*** DATA PROVIDED Section Begins ***
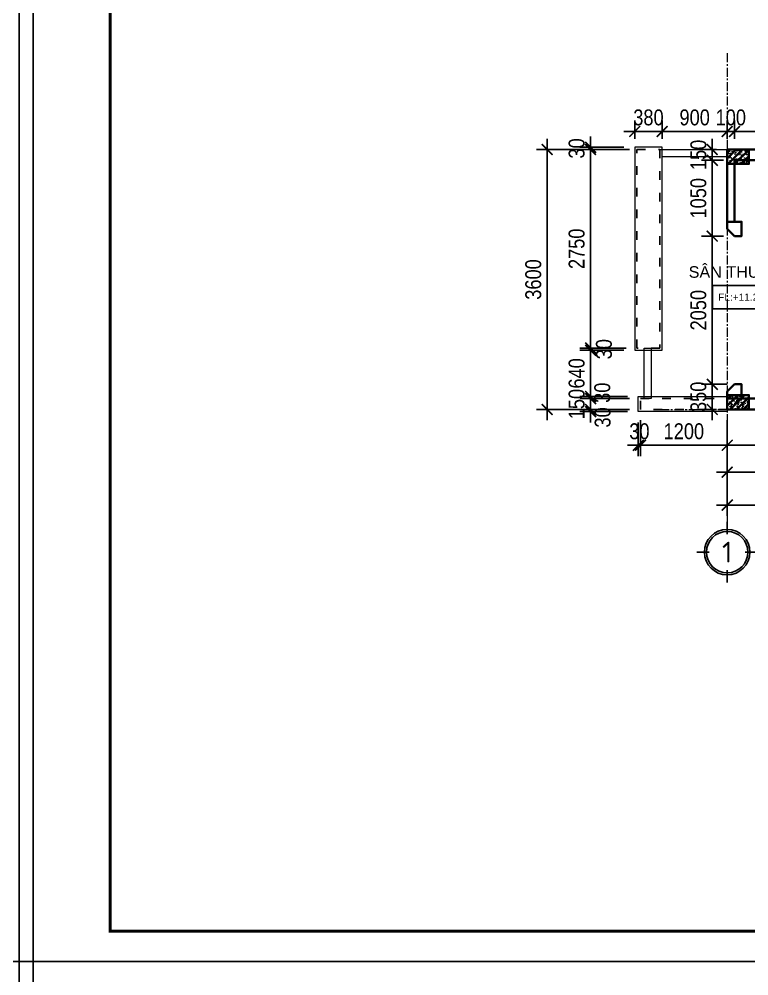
# Model space of a CAD drawing. Header units: inches. Extents: x 236662 to 497023, y -248575 to 81795.
# Drawn here: x 317662 to 327762, y -53507 to -40259 of the extents above; entities that cross this region are included whole.
import ezdxf
from ezdxf.enums import TextEntityAlignment as Align

# ---------------------------------------------------------------- set-up
doc = ezdxf.new("R2010")
doc.units = ezdxf.units.IN
doc.header["$LTSCALE"] = 10
doc.header["$MEASUREMENT"] = 0
doc.linetypes.add('ACAD_ISO03W100', pattern=[30, 12, -18])
doc.linetypes.add('CENTER', pattern=[2, 1.25, -0.25, 0.25, -0.25])
for name, color, linetype in [('01. HP_TEXT', 9, 'Continuous'), ('07. HP_KY HIEU', 43, 'Continuous'), ('08. HP_DIM', 118, 'Continuous'), ('12. HP_NET KHUAT', 25, 'ACAD_ISO03W100'), ('TEXT', 2, 'Continuous')]:
    doc.layers.add(name, color=color, linetype=linetype)
for name, color, linetype, lineweight in [('02. HP_BE TONG', 1, 'Continuous', 35), ('03. HP_TUONG', 2, 'Continuous', 35), ('05. HP_TRUC', 251, 'CENTER', 5), ('06. HP_THAY 1', 134, 'Continuous', 15), ('09_HP_HATCH', 8, 'Continuous', 5)]:
    doc.layers.add(name, color=color, linetype=linetype, lineweight=lineweight)
doc.layers.add('Tpl_Bound', color=1, linetype='Continuous', plot=False)
doc.styles.add('BAOANNOTE', font='Arial.ttf', dxfattribs={"width": 0.8})
doc.styles.add('ISOCP50', font='ISOCPEUR.TTF')
doc.styles.add('TEXT (none)', font='Arial.ttf')
doc.styles.add('text2', font='VHELVCN.TTF')
doc.dimstyles.new('AL-100', dxfattribs={"dimtxt": 220, "dimasz": 150, "dimexe": 150, "dimexo": 150, "dimgap": 80, "dimtad": 1, "dimdec": 0, "dimzin": 9, "dimtxsty": 'text2', "dimblk": 'ARCHTICK', "dimcen": 1, "dimdle": 150, "dimclrd": 256, "dimclre": 256, "dimclrt": 7, "dimadec": 0, "dimazin": 0, "dimtfac": 1, "dimtdec": 0, "dimtix": 1, "dimtmove": 2, "dimatfit": 3, "dimldrblk": 'ARCHTICK', "dimfxl": 1, "dimtolj": 1, "dimtzin": 0, "dimlwd": -1, "dimlwe": -1, "dimarcsym": 0})

# ---------------------------------------------------------------- blocks, each defined once
blk = doc.blocks.new('_ArchTick')
at = {"color": 0, "linetype": 'ByBlock', "const_width": 0.15}
blk.add_lwpolyline([(-0.5, -0.5), (0.5, 0.5)], dxfattribs=at)
blk = doc.blocks.new('*D949')
at = {"layer": '08. HP_DIM', "transparency": 16777216}
for p, q in [((327462, -45814), (327462, -47137)), ((342462, -45814), (342462, -47137)), ((327312, -46987), (342612, -46987))]:
    blk.add_line(p, q, dxfattribs=at)
at = {"layer": 'Defpoints', "color": 0, "transparency": 16777216}
for p in [(327462, -45664), (342462, -45664), (342462, -46987)]:
    blk.add_point(p, dxfattribs=at)
at = {"layer": '08. HP_DIM', "transparency": 16777216, "xscale": 150, "yscale": 150, "zscale": 150, "rotation": 180}
blk.add_blockref('_ArchTick', (327462, -46987), dxfattribs=at)
at = {"layer": '08. HP_DIM', "transparency": 16777216, "xscale": 150, "yscale": 150, "zscale": 150}
blk.add_blockref('_ArchTick', (342462, -46987), dxfattribs=at)
at = {"layer": '08. HP_DIM', "color": 7, "transparency": 16777216, "insert": (334462, -46795), "char_height": 220, "attachment_point": 5, "style": 'text2'}
blk.add_mtext('\\A1;15000', dxfattribs=at)
blk = doc.blocks.new('*D950')
at = {"layer": '08. HP_DIM', "transparency": 16777216}
for p, q in [((326262, -45814), (326262, -46310)), ((327462, -45814), (327462, -46310)), ((327612, -46160), (326112, -46160))]:
    blk.add_line(p, q, dxfattribs=at)
at = {"layer": 'Defpoints', "color": 0, "transparency": 16777216}
for p in [(326262, -45664), (327462, -45664), (326262, -46160)]:
    blk.add_point(p, dxfattribs=at)
at = {"layer": '08. HP_DIM', "transparency": 16777216, "xscale": 150, "yscale": 150, "zscale": 150, "rotation": 180}
blk.add_blockref('_ArchTick', (326262, -46160), dxfattribs=at)
at = {"layer": '08. HP_DIM', "transparency": 16777216, "xscale": 150, "yscale": 150, "zscale": 150}
blk.add_blockref('_ArchTick', (327462, -46160), dxfattribs=at)
at = {"layer": '08. HP_DIM', "color": 7, "transparency": 16777216, "insert": (326862, -45967), "char_height": 220, "attachment_point": 5, "style": 'text2'}
blk.add_mtext('\\A1;1200', dxfattribs=at)
blk = doc.blocks.new('*D952')
at = {"layer": '08. HP_DIM', "transparency": 16777216}
for p, q in [((329062, -45664), (329062, -46310)), ((327462, -45814), (327462, -46310)), ((327312, -46160), (329212, -46160))]:
    blk.add_line(p, q, dxfattribs=at)
at = {"layer": 'Defpoints', "color": 0, "transparency": 16777216}
for p in [(329062, -45514), (327462, -45664), (329062, -46160)]:
    blk.add_point(p, dxfattribs=at)
at = {"layer": '08. HP_DIM', "transparency": 16777216, "xscale": 150, "yscale": 150, "zscale": 150, "rotation": 180}
blk.add_blockref('_ArchTick', (327462, -46160), dxfattribs=at)
at = {"layer": '08. HP_DIM', "transparency": 16777216, "xscale": 150, "yscale": 150, "zscale": 150}
blk.add_blockref('_ArchTick', (329062, -46160), dxfattribs=at)
at = {"layer": '08. HP_DIM', "color": 7, "transparency": 16777216, "insert": (328262, -45967), "char_height": 220, "attachment_point": 5, "style": 'text2'}
blk.add_mtext('\\A1;1600', dxfattribs=at)
blk = doc.blocks.new('grid test1')
at = {"ltscale": 20}
for p, q in [((0, 440), (0, 260)), ((-260, 0), (-440, 0)), ((440, 0), (260, 0)), ((0, -260), (0, -440))]:
    blk.add_line(p, q, dxfattribs=at)
at = {"color": 251, "ltscale": 20, "true_color": 0x636466}
for radius in [330, 300]:
    blk.add_circle((0, 0), radius, dxfattribs=at)
at = {"layer": '01. HP_TEXT', "color": 2, "ltscale": 20, "true_color": 0xf1eb1f, "style": 'ISOCP50'}
blk.add_attdef('GRID', text='', height=300, dxfattribs=at).set_placement((-37, 0), align=Align.MIDDLE_CENTER)
blk = doc.blocks.new('zcsadsdasd3')
at = {"layer": '05. HP_TRUC', "ltscale": 10}
for p, q in [((-15000, 4933), (-15000, -1554)), ((-15930, 3600), (1239, 3600)), ((-15930, 0), (1239, 0))]:
    blk.add_line(p, q, dxfattribs=at)
at = {"layer": '07. HP_KY HIEU', "ltscale": 20}
ref = blk.add_blockref('grid test1', (-15000, -1975), dxfattribs=dict(at, xscale=0.9555000001564621, yscale=0.9555000001564621, zscale=0.9555000001564621))
ref.add_attrib('GRID', '1', dxfattribs={"layer": 'TEXT', "ltscale": 20, "height": 287, "style": 'ISOCP50'}).set_placement((-15000, -1975), align=Align.MIDDLE_CENTER)
blk = doc.blocks.new('*D969')
at = {"layer": '08. HP_DIM', "transparency": 16777216}
for p, q in [((324972, -41914), (324972, -45814)), ((326112, -42064), (324822, -42064)), ((326112, -45664), (324822, -45664))]:
    blk.add_line(p, q, dxfattribs=at)
at = {"layer": 'Defpoints', "color": 0, "transparency": 16777216}
for p in [(326262, -42064, 6), (324972, -45664), (326262, -45664, 6)]:
    blk.add_point(p, dxfattribs=at)
at = {"layer": '08. HP_DIM', "transparency": 16777216, "xscale": 150, "yscale": 150, "zscale": 150}
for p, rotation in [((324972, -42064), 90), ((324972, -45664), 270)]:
*** DATA PROVIDED Section Ends ***
▶ **EXERCISE**
What is needed is a word-for-word copy of the lines from the start of the data to the line with "doc.styles.add('text2', font='VHELVCN.TTF')", inclusive, with no pictures in it.

▶ **REPLY**
# Model space of a CAD drawing. Header units: inches. Extents: x 236662 to 497023, y -248575 to 81795.
# Drawn here: x 317662 to 327762, y -53507 to -40259 of the extents above; entities that cross this region are included whole.
import ezdxf
from ezdxf.enums import TextEntityAlignment as Align

# ---------------------------------------------------------------- set-up
doc = ezdxf.new("R2010")
doc.units = ezdxf.units.IN
doc.header["$LTSCALE"] = 10
doc.header["$MEASUREMENT"] = 0
doc.linetypes.add('ACAD_ISO03W100', pattern=[30, 12, -18])
doc.linetypes.add('CENTER', pattern=[2, 1.25, -0.25, 0.25, -0.25])
for name, color, linetype in [('01. HP_TEXT', 9, 'Continuous'), ('07. HP_KY HIEU', 43, 'Continuous'), ('08. HP_DIM', 118, 'Continuous'), ('12. HP_NET KHUAT', 25, 'ACAD_ISO03W100'), ('TEXT', 2, 'Continuous')]:
    doc.layers.add(name, color=color, linetype=linetype)
for name, color, linetype, lineweight in [('02. HP_BE TONG', 1, 'Continuous', 35), ('03. HP_TUONG', 2, 'Continuous', 35), ('05. HP_TRUC', 251, 'CENTER', 5), ('06. HP_THAY 1', 134, 'Continuous', 15), ('09_HP_HATCH', 8, 'Continuous', 5)]:
    doc.layers.add(name, color=color, linetype=linetype, lineweight=lineweight)
doc.layers.add('Tpl_Bound', color=1, linetype='Continuous', plot=False)
doc.styles.add('BAOANNOTE', font='Arial.ttf', dxfattribs={"width": 0.8})
doc.styles.add('ISOCP50', font='ISOCPEUR.TTF')
doc.styles.add('TEXT (none)', font='Arial.ttf')
doc.styles.add('text2', font='VHELVCN.TTF')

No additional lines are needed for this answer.